Meesho, the e-commerce platform, has seen its stock price fall by 8% over two trading sessions, slipping to Rs 216.75 on Monday. This comes after a dramatic post-listing rally that more than doubled the stock’s IPO price in just over a week.
Meesho made a striking market debut, listing at Rs 162, a 46% premium over its Rs 111 IPO price, and closing its first session near Rs 170. The three-day IPO, sized at over Rs 5,000 crore, attracted overwhelming demand, being subscribed 79 times overall, with retail investors alone contributing to a 19-fold subscription.
In the last seven trading sessions, the stock surged nearly 110% over its issue price. This sharp rally triggered a short squeeze, forcing more than one crore shares into the exchange auction mechanism after several short sellers failed to deliver stock for settlement. Meesho’s free-float of roughly 6% has magnified price swings.

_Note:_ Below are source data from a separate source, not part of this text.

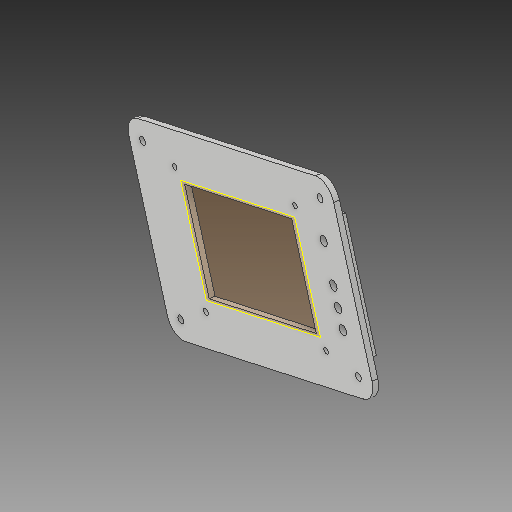
# Autodesk Inventor part: Tampa Painel
Saved by Autodesk Inventor 2019 (Build 230136000, 136)
## iProperties
Created: 2020-05-29
Part Number: Tampa Painel
Material: Generic
Document SubType Name: Modeling
Designer: luiza
Density: 1 g/cm^3
Appearance: Default
Author: luiza
Autodesk Inventor part; units mm, degrees
ref_plane "YZ Plane" through (0, 0, 0) normal (1, 0, 0) x (0, 1, 0)
ref_plane "XZ Plane" through (0, 0, 0) normal (0, 1, 0) x (-1, 0, 0)
ref_plane "XY Plane" through (0, 0, 0) normal (0, 0, 1) x (1, 0, 0)
ref_plane "Work Plane2" through (-1670.9187, -273.4985, -5718.1339) normal (-0.1475237, -0.0099436, 0.9890085) x (0.9373069, 0.3178125, 0.143007)
sketch "Sketch2" plane through (-1670.9187, -273.4985, -5718.1339) normal (-0.1475237, -0.0099436, 0.9890085) x (0.9373069, 0.3178125, 0.143007)
  line L0 (0, 51) -> (78, 51) construction
  line L1 (78, 51) -> (78, 0) construction
  line L2 (78, 0) -> (0, 0) construction
  line L3 (0, 0) -> (0, 51) construction
  line L4 (78.2, 51.2) -> (-0.2, 51.2)
  line L5 (-0.2, 51.2) -> (-0.2, -0.2)
  line L6 (-0.2, -0.2) -> (78.2, -0.2)
  line L7 (78.2, -0.2) -> (78.2, 51.2)
  line L8 (-26, 75.5) -> (104, 75.5)
  line L9 (114, 65.5) -> (114, -14.5)
  line L10 (-26, -24.5) -> (104, -24.5)
  line L11 (-36, 65.5) -> (-36, -14.5)
  line L12 (-7.5, 75.5) -> (-7.5, -24.5) construction
  circle A0 centre (1109.8895, -39.0871) radius 1.5 projected
  circle A1 centre (1103.525, -103.7747) radius 1.5 projected
  circle A2 centre (1191.1021, -112.3913) radius 1.5 projected
  circle A3 centre (1197.4666, -47.7037) radius 1.5 projected
  arc A4 (-26, 75.5) -> (-36, 65.5) centre (-26, 65.5) ccw
  arc A5 (114, 65.5) -> (104, 75.5) centre (104, 65.5) ccw
  arc A6 (104, -24.5) -> (114, -14.5) centre (104, -14.5) ccw
  arc A7 (-36, -14.5) -> (-26, -24.5) centre (-26, -14.5) ccw
  circle A8 centre (99.75, 5.5) radius 2.5
  circle A9 centre (99.75, 15.5) radius 2.5
  circle A10 centre (99.75, 25.5) radius 2.5
  circle A11 centre (99.6463, 45.4997) radius 2.5
  point P0 (2470.8183, -483.0734)
  point P1 (114, 75.5)
  point P2 (114, -24.5)
  point P3 (114, 25.5)
  point P4 (78, 25.5)
  point P5 (-36, 75.5)
  point P6 (-36, -24.5)
  point P7 (39, 75.5)
  point P8 (39, 51)
  dimension "d1" = 0.2
  dimension "d3" = 100
  dimension "d4" = 150
  dimension "d12" = 10
  dimension "d17" = 5
  dimension "d18" = 5
  dimension "d19" = 5
  dimension "d21" = 5
  dimension "d22" = 5
  dimension "d23" = 14.25
  dimension "d24" = 40
  dimension "d27" = 5
  dimension "d29" = 15
  constraints: 26 end point, 10 point on line, 8 centre point, 8 point on circle, 8 tangent, 4 midpoint, 4 parallel, 3 equal radius, 3 horizontal, 3 perpendicular, 2 vertical, 1 horizontal alignment, 1 vertical alignment, 5 other
  measures "d1" distance between parallel lines of L0 L4
  measures "d3" distance between parallel lines of L8 L10
  measures "d4" distance between parallel lines of L11 L9
  measures "d12" radius of A4
  measures "d17" diameter of A10
  measures "d18" diameter of A9
  measures "d19" diameter of A8
  measures "d23" distance from line of L9 A9.centre
  measures "d24" distance from line of L10 A9.centre
  measures "d27" diameter of A11
extrude "Extrusion2" add sketch "Sketch2" against normal blind 3 contours L8 A5 L9 A6 L10 A7 L11 A4
sketch "Sketch3" plane through (-1670.9187, -273.4985, -5718.1339) normal (-0.1475237, -0.0099436, 0.9890085) x (0.9373069, 0.3178125, 0.143007)
  line L0 (-26, -7.5) -> (-33, -7.5) projected
  line L1 (-33, -7.5) -> (-33, 58.5) projected
  line L2 (-33, 58.5) -> (-26, 58.5) projected
  line L3 (-19, 65.5) -> (-19, 72.5) projected
  line L4 (-19, 72.5) -> (97, 72.5) projected
  line L5 (97, 72.5) -> (97, 65.5) projected
  line L6 (104, 58.5) -> (111, 58.5) projected
  line L7 (111, 58.5) -> (111, -7.5) projected
  line L8 (111, -7.5) -> (104, -7.5) projected
  line L9 (97, -14.5) -> (97, -21.5) projected
  line L10 (97, -21.5) -> (-19, -21.5) projected
  line L11 (-19, -21.5) -> (-19, -14.5) projected
  line L12 (-36, -14.5) -> (-36, 65.5) projected
  line L13 (104, -24.5) -> (-26, -24.5) projected
  line L14 (114, 65.5) -> (114, -14.5) projected
  line L15 (-26, 75.5) -> (104, 75.5) projected
  circle A0 centre (-26, 65.5) radius 2 projected
  circle A1 centre (104, -14.5) radius 2 projected
  circle A2 centre (-26, -14.5) radius 2 projected
  circle A3 centre (104, 65.5) radius 2 projected
  arc A4 (-26, 58.5) -> (-19, 65.5) centre (-26, 65.5) ccw projected
  arc A5 (97, 65.5) -> (104, 58.5) centre (104, 65.5) ccw projected
  arc A6 (104, -7.5) -> (97, -14.5) centre (104, -14.5) ccw projected
  arc A7 (-19, -14.5) -> (-26, -7.5) centre (-26, -14.5) ccw projected
  arc A8 (-36, -14.5) -> (-26, -24.5) centre (-26, -14.5) ccw projected
  arc A9 (104, -24.5) -> (114, -14.5) centre (104, -14.5) ccw projected
  arc A10 (114, 65.5) -> (104, 75.5) centre (104, 65.5) ccw projected
  arc A11 (-26, 75.5) -> (-36, 65.5) centre (-26, 65.5) ccw projected
  point P0 (2470.8183, -483.0734)
extrude "Extrusion3" cut sketch "Sketch3" against normal through all contours A0 | A1 | A2 | A3
sketch "Sketch4" plane through (-1670.4761, -273.4687, -5721.1009) normal (0.1475237, 0.0099436, -0.9890085) x (-0.9373069, -0.3178125, -0.143007)
  line L0 (26, -7.5) -> (33, -7.5) projected
  line L1 (33, -7.5) -> (33, 58.5) projected
  line L2 (33, 58.5) -> (26, 58.5) projected
  line L3 (19, 65.5) -> (19, 72.5) projected
  line L4 (19, 72.5) -> (-97, 72.5) projected
  line L5 (-97, 72.5) -> (-97, 65.5) projected
  line L6 (-104, 58.5) -> (-111, 58.5) projected
  line L7 (-111, 58.5) -> (-111, -7.5) projected
  line L8 (-111, -7.5) -> (-104, -7.5) projected
  line L9 (-97, -14.5) -> (-97, -21.5) projected
  line L10 (-97, -21.5) -> (19, -21.5) projected
  line L11 (19, -21.5) -> (19, -14.5) projected
  line L12 (36, -14.5) -> (36, 65.5) projected
  line L13 (-104, -24.5) -> (26, -24.5) projected
  line L14 (-114, 65.5) -> (-114, -14.5) projected
  line L15 (26, 75.5) -> (-104, 75.5) projected
  circle A0 centre (26, 65.5) radius 2 projected
  circle A1 centre (-104, -14.5) radius 2 projected
  circle A2 centre (26, -14.5) radius 2 projected
  circle A3 centre (-104, 65.5) radius 2 projected
  arc A4 (19, 65.5) -> (26, 58.5) centre (26, 65.5) ccw projected
  arc A5 (-104, 58.5) -> (-97, 65.5) centre (-104, 65.5) ccw projected
  arc A6 (-97, -14.5) -> (-104, -7.5) centre (-104, -14.5) ccw projected
  arc A7 (26, -7.5) -> (19, -14.5) centre (26, -14.5) ccw projected
  arc A8 (26, -24.5) -> (36, -14.5) centre (26, -14.5) ccw projected
  arc A9 (-114, -14.5) -> (-104, -24.5) centre (-104, -14.5) ccw projected
  arc A10 (-104, 75.5) -> (-114, 65.5) centre (-104, 65.5) ccw projected
  arc A11 (36, 65.5) -> (26, 75.5) centre (26, 65.5) ccw projected
  line L16 (-96, 65.5) -> (-96, 71.5)
  line L17 (-96, 71.5) -> (18, 71.5)
  line L18 (18, 71.5) -> (18, 65.5)
  arc A12 (18, 65.5) -> (26, 57.5) centre (26, 65.5) ccw
  line L19 (26, 57.5) -> (32, 57.5)
  line L20 (32, 57.5) -> (32, -6.5)
  line L21 (32, -6.5) -> (26, -6.5)
  arc A13 (26, -6.5) -> (18, -14.5) centre (26, -14.5) ccw
  line L22 (18, -14.5) -> (18, -20.5)
  line L23 (18, -20.5) -> (-96, -20.5)
  line L24 (-96, -20.5) -> (-96, -14.5)
  arc A14 (-96, -14.5) -> (-104, -6.5) centre (-104, -14.5) ccw
  line L25 (-104, -6.5) -> (-110, -6.5)
  line L26 (-110, -6.5) -> (-110, 57.5)
  line L27 (-110, 57.5) -> (-104, 57.5)
  arc A15 (-104, 57.5) -> (-96, 65.5) centre (-104, 65.5) ccw
  line L28 (-93, 65.5) -> (-93, 68.5)
  line L29 (-93, 68.5) -> (15, 68.5)
  line L30 (15, 68.5) -> (15, 65.5)
  arc A16 (15, 65.5) -> (26, 54.5) centre (26, 65.5) ccw
  line L31 (26, 54.5) -> (29, 54.5)
  line L32 (29, 54.5) -> (29, -3.5)
  line L33 (29, -3.5) -> (26, -3.5)
  arc A17 (26, -3.5) -> (15, -14.5) centre (26, -14.5) ccw
  line L34 (15, -14.5) -> (15, -17.5)
  line L35 (15, -17.5) -> (-93, -17.5)
  line L36 (-93, -17.5) -> (-93, -14.5)
  arc A18 (-93, -14.5) -> (-104, -3.5) centre (-104, -14.5) ccw
  line L37 (-104, -3.5) -> (-107, -3.5)
  line L38 (-107, -3.5) -> (-107, 54.5)
  line L39 (-107, 54.5) -> (-104, 54.5)
  arc A19 (-104, 54.5) -> (-93, 65.5) centre (-104, 65.5) ccw
  point P0 (-2470.8183, -483.0734)
  point P1 (26, 65.5)
  point P2 (-104, 65.5)
  point P3 (-104, -14.5)
  point P4 (26, -14.5)
  dimension "d38" = 1
  dimension "d39" = 3
  constraints: 48 end point, 16 point on circle, 8 centre point, 30 other
  measures "d38" radial gap between concentric circles of A5 A15
  measures "d39" radial gap between concentric circles of A15 A19
extrude "Extrusion4" add sketch "Sketch4" along normal blind 4 contours L16 L17 L18 A12 L19 L20 L21 A13 L22 L23 L24 A14 L25 L26 L27 A15
sketch "Sketch5" plane through (-1670.9187, -273.4985, -5718.1339) normal (-0.1475237, -0.0099436, 0.9890085) x (0.9373069, 0.3178125, 0.143007)
  circle A0 centre (-5, -7) radius 1.7
  circle A1 centre (83, -7) radius 1.515
  circle A2 centre (83, 58) radius 1.515
  circle A3 centre (-5, 58) radius 1.5
  point P0 (2470.8183, -483.0734)
  constraints: 4 centre point
extrude "Extrusion5" cut sketch "Sketch5" against normal up to surface (3 mm away)
body "Solid2"

Global brokerage UBS initiated coverage on Meesho with a 'Buy' rating and a target price of Rs 220. UBS highlighted the company’s asset-light model, negative working capital cycle, and consistent cash flow generation as key positives.
Choice Institutional Equities also endorsed the stock, stating that Meesho is best placed to monetise the shift in the market via its zero-commission, low-AOV, discovery-led platform serving Tier-2/3 users.
While the recent pullback has tempered some investor enthusiasm, experts say the long-term growth narrative remains intact, supported by strong demand, high engagement among Tier-2 and Tier-3 users, and positive analyst coverage.
Remember, this is a perspective, not a prediction. Do your own research before making any investment decisions.